Dataset entries

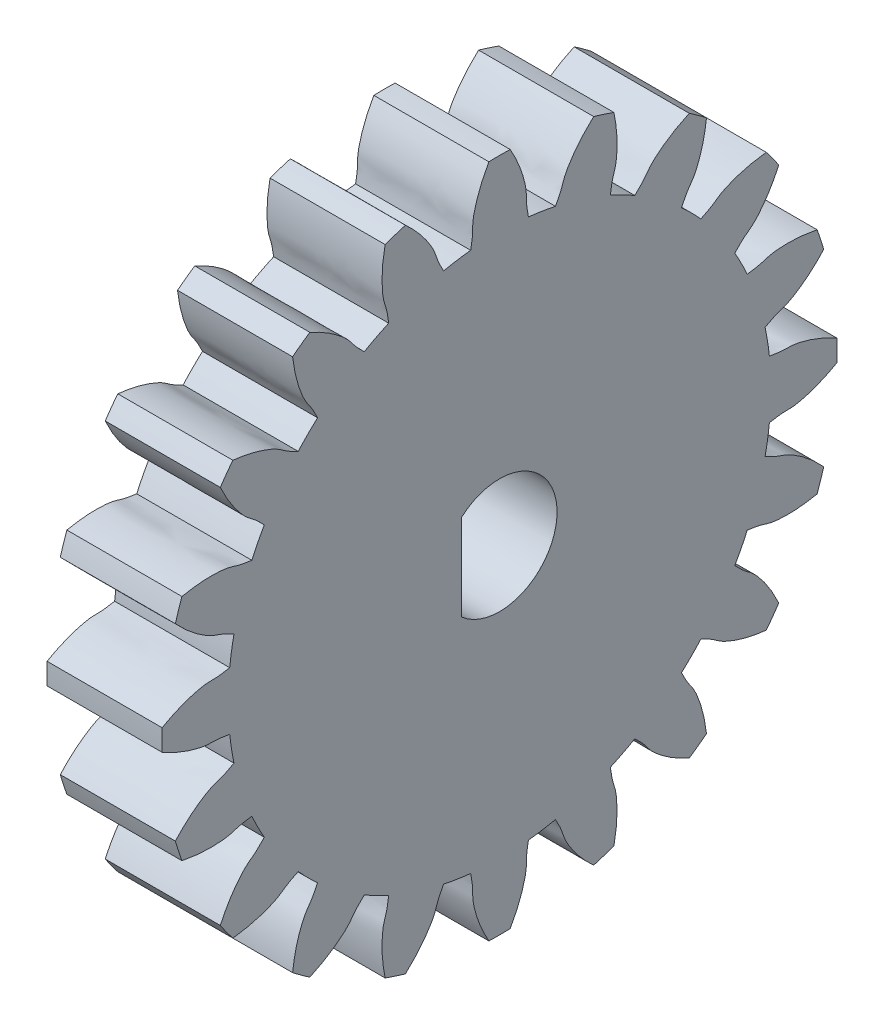
SolidWorks part; units mm, degrees
ref_plane "Front Plane" through (0, 0, 0) normal (0, 0, 1) x (1, 0, 0)
ref_plane "Top Plane" through (0, 0, 0) normal (0, 1, 0) x (1, 0, 0)
ref_plane "Right Plane" through (0, 0, 0) normal (1, 0, 0) x (0, 0, -1)
ref_plane "Plane1" through (0, 2.008, 0) normal (0, -1, 0) x (-1, 0, 0)
ref_plane "Plane2" through (0, 4.8333, 0) normal (0, 1, 0) x (1, 0, 0)
sketch "Sketch41" plane through (0, 0, 0) normal (0, 0, 1) x (1, 0, 0)
  line L0 (-1.5, 8.8) -> (-1.5, 0)
  line L1 (-1.5, 0) -> (1.5, 0)
  line L2 (1.5, 0) -> (1.5, 8.8)
  line L3 (1.5, 8.8) -> (-1.5, 8.8)
  line L4 (-1.5, 0) -> (1.5, 0) construction
revolve "Revolve3" add sketch "Sketch41" angle 360 about L1
ref_plane "Plane3" through (-1.5, 0, 0) normal (-1, 0, 0) x (0, 0, 1)
sketch "Sketch47" plane through (-1.5, 0, 0) normal (-1, 0, 0) x (0, 0, 1)
  arc A0 (0.7524, 7.0343) -> (1.4582, 6.9225) centre (0, 0) cw
  arc A1 (2.4537, 8.451) -> (0.2779, 8.7956) centre (0, 0) ccw
  spline S0 degree 3 poles (0.2779, 8.7956) (0.3159, 8.7284) (0.3523, 8.6603) (0.3868, 8.5913) (0.4678, 8.4292) (0.5382, 8.261) (0.5931, 8.0882) (0.6482, 7.9149) (0.6968, 7.7352) (0.7008, 7.5535) (0.7028, 7.4585) (0.7002, 7.3628) (0.7143, 7.2689) (0.7261, 7.1905) (0.7397, 7.1125) (0.7524, 7.0343) knots -0.000231 -0.000231 -0.000231 -0.000231 0 0 0 0.000544 0.000544 0.000544 0.001091 0.001091 0.001091 0.001372 0.001372 0.001372 0.001605 0.001605 0.001605 0.001605
  spline S1 degree 3 poles (1.4582, 6.9225) (1.4944, 6.9929) (1.5314, 7.063) (1.5669, 7.1338) (1.6364, 7.2729) (1.6675, 7.4295) (1.7404, 7.5668) (1.8106, 7.6992) (1.8949, 7.8242) (1.9854, 7.9436) (2.0779, 8.0657) (2.1795, 8.1812) (2.287, 8.2903) (2.3412, 8.3453) (2.3968, 8.3988) (2.4537, 8.451) knots -0.000237 -0.000237 -0.000237 -0.000237 0 0 0 0.000466 0.000466 0.000466 0.000915 0.000915 0.000915 0.001374 0.001374 0.001374 0.001605 0.001605 0.001605 0.001605
extrude "Cut-Extrude22" cut sketch "Sketch47" against normal through all
sketch "Sketch54" plane through (-1.5, 0, 0) normal (-1, 0, 0) x (0, 0, 1)
  arc A0 (2.8893, 6.4575) -> (3.526, 6.1331) centre (0, 0) cw
  arc A1 (4.9451, 7.2791) -> (2.9823, 8.2792) centre (0, 0) ccw
  spline S0 degree 3 poles (2.9823, 8.2792) (2.9976, 8.2036) (3.0112, 8.1276) (3.0227, 8.0513) (3.0497, 7.8721) (3.0646, 7.6903) (3.0635, 7.5091) (3.0623, 7.3272) (3.053, 7.1413) (3.0006, 6.9672) (2.9733, 6.8763) (2.9411, 6.7861) (2.9255, 6.6924) (2.9125, 6.6142) (2.9013, 6.5358) (2.8893, 6.4575) knots -0.000231 -0.000231 -0.000231 -0.000231 0 0 0 0.000544 0.000544 0.000544 0.001091 0.001091 0.001091 0.001372 0.001372 0.001372 0.001605 0.001605 0.001605 0.001605
  spline S1 degree 3 poles (3.526, 6.1331) (3.5822, 6.1889) (3.6391, 6.244) (3.6946, 6.3005) (3.8037, 6.4113) (3.8817, 6.5506) (3.9935, 6.6587) (4.1011, 6.7629) (4.22, 6.8557) (4.3429, 6.9413) (4.4686, 7.0288) (4.601, 7.1073) (4.7369, 7.1779) (4.8054, 7.2134) (4.8749, 7.2471) (4.9451, 7.2791) knots -0.000237 -0.000237 -0.000237 -0.000237 0 0 0 0.000466 0.000466 0.000466 0.000915 0.000915 0.000915 0.001374 0.001374 0.001374 0.001605 0.001605 0.001605 0.001605
extrude "Cut-Extrude23" cut sketch "Sketch54" against normal through all
sketch "Sketch61" plane through (-1.5, 0, 0) normal (-1, 0, 0) x (0, 0, 1)
  arc A0 (4.7433, 5.2486) -> (5.2486, 4.7433) centre (0, 0) cw
  arc A1 (6.9524, 5.3948) -> (5.3948, 6.9524) centre (0, 0) ccw
  spline S0 degree 3 poles (5.3948, 6.9524) (5.386, 6.8758) (5.3754, 6.7993) (5.3628, 6.7232) (5.3331, 6.5444) (5.2911, 6.3669) (5.234, 6.1949) (5.1767, 6.0223) (5.1104, 5.8484) (5.0068, 5.699) (4.9526, 5.6209) (4.8942, 5.5451) (4.8504, 5.4608) (4.8139, 5.3905) (4.779, 5.3194) (4.7433, 5.2486) knots -0.000231 -0.000231 -0.000231 -0.000231 0 0 0 0.000544 0.000544 0.000544 0.001091 0.001091 0.001091 0.001372 0.001372 0.001372 0.001605 0.001605 0.001605 0.001605
  spline S1 degree 3 poles (5.2486, 4.7433) (5.3194, 4.779) (5.3905, 4.8139) (5.4608, 4.8504) (5.5988, 4.9221) (5.716, 5.0305) (5.8557, 5.0987) (5.9903, 5.1645) (6.132, 5.2161) (6.2754, 5.2595) (6.422, 5.304) (6.572, 5.3376) (6.7232, 5.3628) (6.7993, 5.3754) (6.8758, 5.386) (6.9524, 5.3948) knots -0.000237 -0.000237 -0.000237 -0.000237 0 0 0 0.000466 0.000466 0.000466 0.000915 0.000915 0.000915 0.001374 0.001374 0.001374 0.001605 0.001605 0.001605 0.001605
extrude "Cut-Extrude24" cut sketch "Sketch61" against normal through all
sketch "Sketch68" plane through (-1.5, 0, 0) normal (-1, 0, 0) x (0, 0, 1)
  arc A0 (6.1331, 3.526) -> (6.4575, 2.8893) centre (0, 0) cw
  arc A1 (8.2792, 2.9823) -> (7.2791, 4.9451) centre (0, 0) ccw
  spline S0 degree 3 poles (7.2791, 4.9451) (7.2471, 4.8749) (7.2134, 4.8054) (7.1779, 4.7369) (7.0944, 4.5761) (6.9996, 4.4202) (6.8921, 4.2743) (6.7843, 4.1279) (6.6675, 3.9829) (6.5228, 3.8729) (6.4472, 3.8154) (6.3682, 3.7613) (6.3005, 3.6946) (6.244, 3.6391) (6.1889, 3.5822) (6.1331, 3.526) knots -0.000231 -0.000231 -0.000231 -0.000231 0 0 0 0.000544 0.000544 0.000544 0.001091 0.001091 0.001091 0.001372 0.001372 0.001372 0.001605 0.001605 0.001605 0.001605
  spline S1 degree 3 poles (6.4575, 2.8893) (6.5358, 2.9013) (6.6142, 2.9125) (6.6924, 2.9255) (6.8457, 2.9511) (6.9907, 3.0179) (7.1447, 3.0397) (7.293, 3.0607) (7.4437, 3.0659) (7.5935, 3.0629) (7.7466, 3.0599) (7.8998, 3.0455) (8.0513, 3.0227) (8.1276, 3.0112) (8.2036, 2.9976) (8.2792, 2.9823) knots -0.000237 -0.000237 -0.000237 -0.000237 0 0 0 0.000466 0.000466 0.000466 0.000915 0.000915 0.000915 0.001374 0.001374 0.001374 0.001605 0.001605 0.001605 0.001605
extrude "Cut-Extrude25" cut sketch "Sketch68" against normal through all
sketch "Sketch75" plane through (-1.5, 0, 0) normal (-1, 0, 0) x (0, 0, 1)
  arc A0 (6.9225, 1.4582) -> (7.0343, 0.7524) centre (0, 0) cw
  arc A1 (8.7956, 0.2779) -> (8.451, 2.4537) centre (0, 0) ccw
  spline S0 degree 3 poles (8.451, 2.4537) (8.3988, 2.3968) (8.3453, 2.3412) (8.2903, 2.287) (8.1612, 2.1598) (8.0229, 2.0409) (7.8756, 1.9353) (7.7279, 1.8294) (7.572, 1.7276) (7.4003, 1.6677) (7.3107, 1.6364) (7.2188, 1.6093) (7.1338, 1.5669) (7.063, 1.5314) (6.9929, 1.4944) (6.9225, 1.4582) knots -0.000231 -0.000231 -0.000231 -0.000231 0 0 0 0.000544 0.000544 0.000544 0.001091 0.001091 0.001091 0.001372 0.001372 0.001372 0.001605 0.001605 0.001605 0.001605
  spline S1 degree 3 poles (7.0343, 0.7524) (7.1125, 0.7397) (7.1905, 0.7261) (7.2689, 0.7143) (7.4226, 0.6912) (7.5811, 0.71) (7.7343, 0.6831) (7.8819, 0.6572) (8.0268, 0.6156) (8.1683, 0.5665) (8.3131, 0.5163) (8.4543, 0.4553) (8.5913, 0.3868) (8.6603, 0.3523) (8.7284, 0.3159) (8.7956, 0.2779) knots -0.000237 -0.000237 -0.000237 -0.000237 0 0 0 0.000466 0.000466 0.000466 0.000915 0.000915 0.000915 0.001374 0.001374 0.001374 0.001605 0.001605 0.001605 0.001605
extrude "Cut-Extrude26" cut sketch "Sketch75" against normal through all
sketch "Sketch82" plane through (-1.5, 0, 0) normal (-1, 0, 0) x (0, 0, 1)
  arc A0 (8.451, -2.4537) -> (8.7956, -0.2779) centre (0, 0) ccw
  arc A1 (7.0343, -0.7524) -> (6.9225, -1.4582) centre (0, 0) cw
  spline S0 degree 3 poles (8.7956, -0.2779) (8.7284, -0.3159) (8.6603, -0.3523) (8.5913, -0.3868) (8.4292, -0.4678) (8.261, -0.5382) (8.0882, -0.5931) (7.9149, -0.6482) (7.7352, -0.6968) (7.5535, -0.7008) (7.4585, -0.7028) (7.3628, -0.7002) (7.2689, -0.7143) (7.1905, -0.7261) (7.1125, -0.7397) (7.0343, -0.7524) knots -0.000231 -0.000231 -0.000231 -0.000231 0 0 0 0.000544 0.000544 0.000544 0.001091 0.001091 0.001091 0.001372 0.001372 0.001372 0.001605 0.001605 0.001605 0.001605
  spline S1 degree 3 poles (6.9225, -1.4582) (6.9929, -1.4944) (7.063, -1.5314) (7.1338, -1.5669) (7.2729, -1.6364) (7.4295, -1.6675) (7.5668, -1.7404) (7.6992, -1.8106) (7.8242, -1.8949) (7.9436, -1.9854) (8.0657, -2.0779) (8.1812, -2.1795) (8.2903, -2.287) (8.3453, -2.3412) (8.3988, -2.3968) (8.451, -2.4537) knots -0.000237 -0.000237 -0.000237 -0.000237 0 0 0 0.000466 0.000466 0.000466 0.000915 0.000915 0.000915 0.001374 0.001374 0.001374 0.001605 0.001605 0.001605 0.001605
extrude "Cut-Extrude27" cut sketch "Sketch82" against normal through all
sketch "Sketch89" plane through (-1.5, 0, 0) normal (-1, 0, 0) x (0, 0, 1)
  arc A0 (7.2791, -4.9451) -> (8.2792, -2.9823) centre (0, 0) ccw
  arc A1 (6.4575, -2.8893) -> (6.1331, -3.526) centre (0, 0) cw
  spline S0 degree 3 poles (8.2792, -2.9823) (8.2036, -2.9976) (8.1276, -3.0112) (8.0513, -3.0227) (7.8721, -3.0497) (7.6903, -3.0646) (7.5091, -3.0635) (7.3272, -3.0623) (7.1413, -3.053) (6.9672, -3.0006) (6.8763, -2.9733) (6.7861, -2.9411) (6.6924, -2.9255) (6.6142, -2.9125) (6.5358, -2.9013) (6.4575, -2.8893) knots -0.000231 -0.000231 -0.000231 -0.000231 0 0 0 0.000544 0.000544 0.000544 0.001091 0.001091 0.001091 0.001372 0.001372 0.001372 0.001605 0.001605 0.001605 0.001605
  spline S1 degree 3 poles (6.1331, -3.526) (6.1889, -3.5822) (6.244, -3.6391) (6.3005, -3.6946) (6.4113, -3.8037) (6.5506, -3.8817) (6.6587, -3.9935) (6.7629, -4.1011) (6.8557, -4.22) (6.9413, -4.3429) (7.0288, -4.4686) (7.1073, -4.601) (7.1779, -4.7369) (7.2134, -4.8054) (7.2471, -4.8749) (7.2791, -4.9451) knots -0.000237 -0.000237 -0.000237 -0.000237 0 0 0 0.000466 0.000466 0.000466 0.000915 0.000915 0.000915 0.001374 0.001374 0.001374 0.001605 0.001605 0.001605 0.001605
extrude "Cut-Extrude28" cut sketch "Sketch89" against normal through all
sketch "Sketch96" plane through (-1.5, 0, 0) normal (-1, 0, 0) x (0, 0, 1)
  arc A0 (5.3948, -6.9524) -> (6.9524, -5.3948) centre (0, 0) ccw
  arc A1 (5.2486, -4.7433) -> (4.7433, -5.2486) centre (0, 0) cw
  spline S0 degree 3 poles (6.9524, -5.3948) (6.8758, -5.386) (6.7993, -5.3754) (6.7232, -5.3628) (6.5444, -5.3331) (6.3669, -5.2911) (6.1949, -5.234) (6.0223, -5.1767) (5.8484, -5.1104) (5.699, -5.0068) (5.6209, -4.9526) (5.5451, -4.8942) (5.4608, -4.8504) (5.3905, -4.8139) (5.3194, -4.779) (5.2486, -4.7433) knots -0.000231 -0.000231 -0.000231 -0.000231 0 0 0 0.000544 0.000544 0.000544 0.001091 0.001091 0.001091 0.001372 0.001372 0.001372 0.001605 0.001605 0.001605 0.001605
  spline S1 degree 3 poles (4.7433, -5.2486) (4.779, -5.3194) (4.8139, -5.3905) (4.8504, -5.4608) (4.9221, -5.5988) (5.0305, -5.716) (5.0987, -5.8557) (5.1645, -5.9903) (5.2161, -6.132) (5.2595, -6.2754) (5.304, -6.422) (5.3376, -6.572) (5.3628, -6.7232) (5.3754, -6.7993) (5.386, -6.8758) (5.3948, -6.9524) knots -0.000237 -0.000237 -0.000237 -0.000237 0 0 0 0.000466 0.000466 0.000466 0.000915 0.000915 0.000915 0.001374 0.001374 0.001374 0.001605 0.001605 0.001605 0.001605
extrude "Cut-Extrude29" cut sketch "Sketch96" against normal through all
sketch "Sketch103" plane through (-1.5, 0, 0) normal (-1, 0, 0) x (0, 0, 1)
  arc A0 (2.9823, -8.2792) -> (4.9451, -7.2791) centre (0, 0) ccw
  arc A1 (3.526, -6.1331) -> (2.8893, -6.4575) centre (0, 0) cw
  spline S0 degree 3 poles (4.9451, -7.2791) (4.8749, -7.2471) (4.8054, -7.2134) (4.7369, -7.1779) (4.5761, -7.0944) (4.4202, -6.9996) (4.2743, -6.8921) (4.1279, -6.7843) (3.9829, -6.6675) (3.8729, -6.5228) (3.8154, -6.4472) (3.7613, -6.3682) (3.6946, -6.3005) (3.6391, -6.244) (3.5822, -6.1889) (3.526, -6.1331) knots -0.000231 -0.000231 -0.000231 -0.000231 0 0 0 0.000544 0.000544 0.000544 0.001091 0.001091 0.001091 0.001372 0.001372 0.001372 0.001605 0.001605 0.001605 0.001605
  spline S1 degree 3 poles (2.8893, -6.4575) (2.9013, -6.5358) (2.9125, -6.6142) (2.9255, -6.6924) (2.9511, -6.8457) (3.0179, -6.9907) (3.0397, -7.1447) (3.0607, -7.293) (3.0659, -7.4437) (3.0629, -7.5935) (3.0599, -7.7466) (3.0455, -7.8998) (3.0227, -8.0513) (3.0112, -8.1276) (2.9976, -8.2036) (2.9823, -8.2792) knots -0.000237 -0.000237 -0.000237 -0.000237 0 0 0 0.000466 0.000466 0.000466 0.000915 0.000915 0.000915 0.001374 0.001374 0.001374 0.001605 0.001605 0.001605 0.001605
extrude "Cut-Extrude30" cut sketch "Sketch103" against normal through all
sketch "Sketch110" plane through (-1.5, 0, 0) normal (-1, 0, 0) x (0, 0, 1)
  arc A0 (0.2779, -8.7956) -> (2.4537, -8.451) centre (0, 0) ccw
  arc A1 (1.4582, -6.9225) -> (0.7524, -7.0343) centre (0, 0) cw
  spline S0 degree 3 poles (2.4537, -8.451) (2.3968, -8.3988) (2.3412, -8.3453) (2.287, -8.2903) (2.1598, -8.1612) (2.0409, -8.0229) (1.9353, -7.8756) (1.8294, -7.7279) (1.7276, -7.572) (1.6677, -7.4003) (1.6364, -7.3107) (1.6093, -7.2188) (1.5669, -7.1338) (1.5314, -7.063) (1.4944, -6.9929) (1.4582, -6.9225) knots -0.000231 -0.000231 -0.000231 -0.000231 0 0 0 0.000544 0.000544 0.000544 0.001091 0.001091 0.001091 0.001372 0.001372 0.001372 0.001605 0.001605 0.001605 0.001605
  spline S1 degree 3 poles (0.7524, -7.0343) (0.7397, -7.1125) (0.7261, -7.1905) (0.7143, -7.2689) (0.6912, -7.4226) (0.71, -7.5811) (0.6831, -7.7343) (0.6572, -7.8819) (0.6156, -8.0268) (0.5665, -8.1683) (0.5163, -8.3131) (0.4553, -8.4543) (0.3868, -8.5913) (0.3523, -8.6603) (0.3159, -8.7284) (0.2779, -8.7956) knots -0.000237 -0.000237 -0.000237 -0.000237 0 0 0 0.000466 0.000466 0.000466 0.000915 0.000915 0.000915 0.001374 0.001374 0.001374 0.001605 0.001605 0.001605 0.001605
extrude "Cut-Extrude31" cut sketch "Sketch110" against normal through all
sketch "Sketch117" plane through (-1.5, 0, 0) normal (-1, 0, 0) x (0, 0, 1)
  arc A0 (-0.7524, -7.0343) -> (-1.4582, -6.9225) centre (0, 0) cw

## [Directions]
The lines above from the one containing "spline S1 degree 3 poles (2.8893, -6.4575)" through the one containing "arc A0 (0.2779, -8.7956)" are to be set down exactly, and no others.

## [Expected output]
  spline S1 degree 3 poles (2.8893, -6.4575) (2.9013, -6.5358) (2.9125, -6.6142) (2.9255, -6.6924) (2.9511, -6.8457) (3.0179, -6.9907) (3.0397, -7.1447) (3.0607, -7.293) (3.0659, -7.4437) (3.0629, -7.5935) (3.0599, -7.7466) (3.0455, -7.8998) (3.0227, -8.0513) (3.0112, -8.1276) (2.9976, -8.2036) (2.9823, -8.2792) knots -0.000237 -0.000237 -0.000237 -0.000237 0 0 0 0.000466 0.000466 0.000466 0.000915 0.000915 0.000915 0.001374 0.001374 0.001374 0.001605 0.001605 0.001605 0.001605
extrude "Cut-Extrude30" cut sketch "Sketch103" against normal through all
sketch "Sketch110" plane through (-1.5, 0, 0) normal (-1, 0, 0) x (0, 0, 1)
  arc A0 (0.2779, -8.7956) -> (2.4537, -8.451) centre (0, 0) ccw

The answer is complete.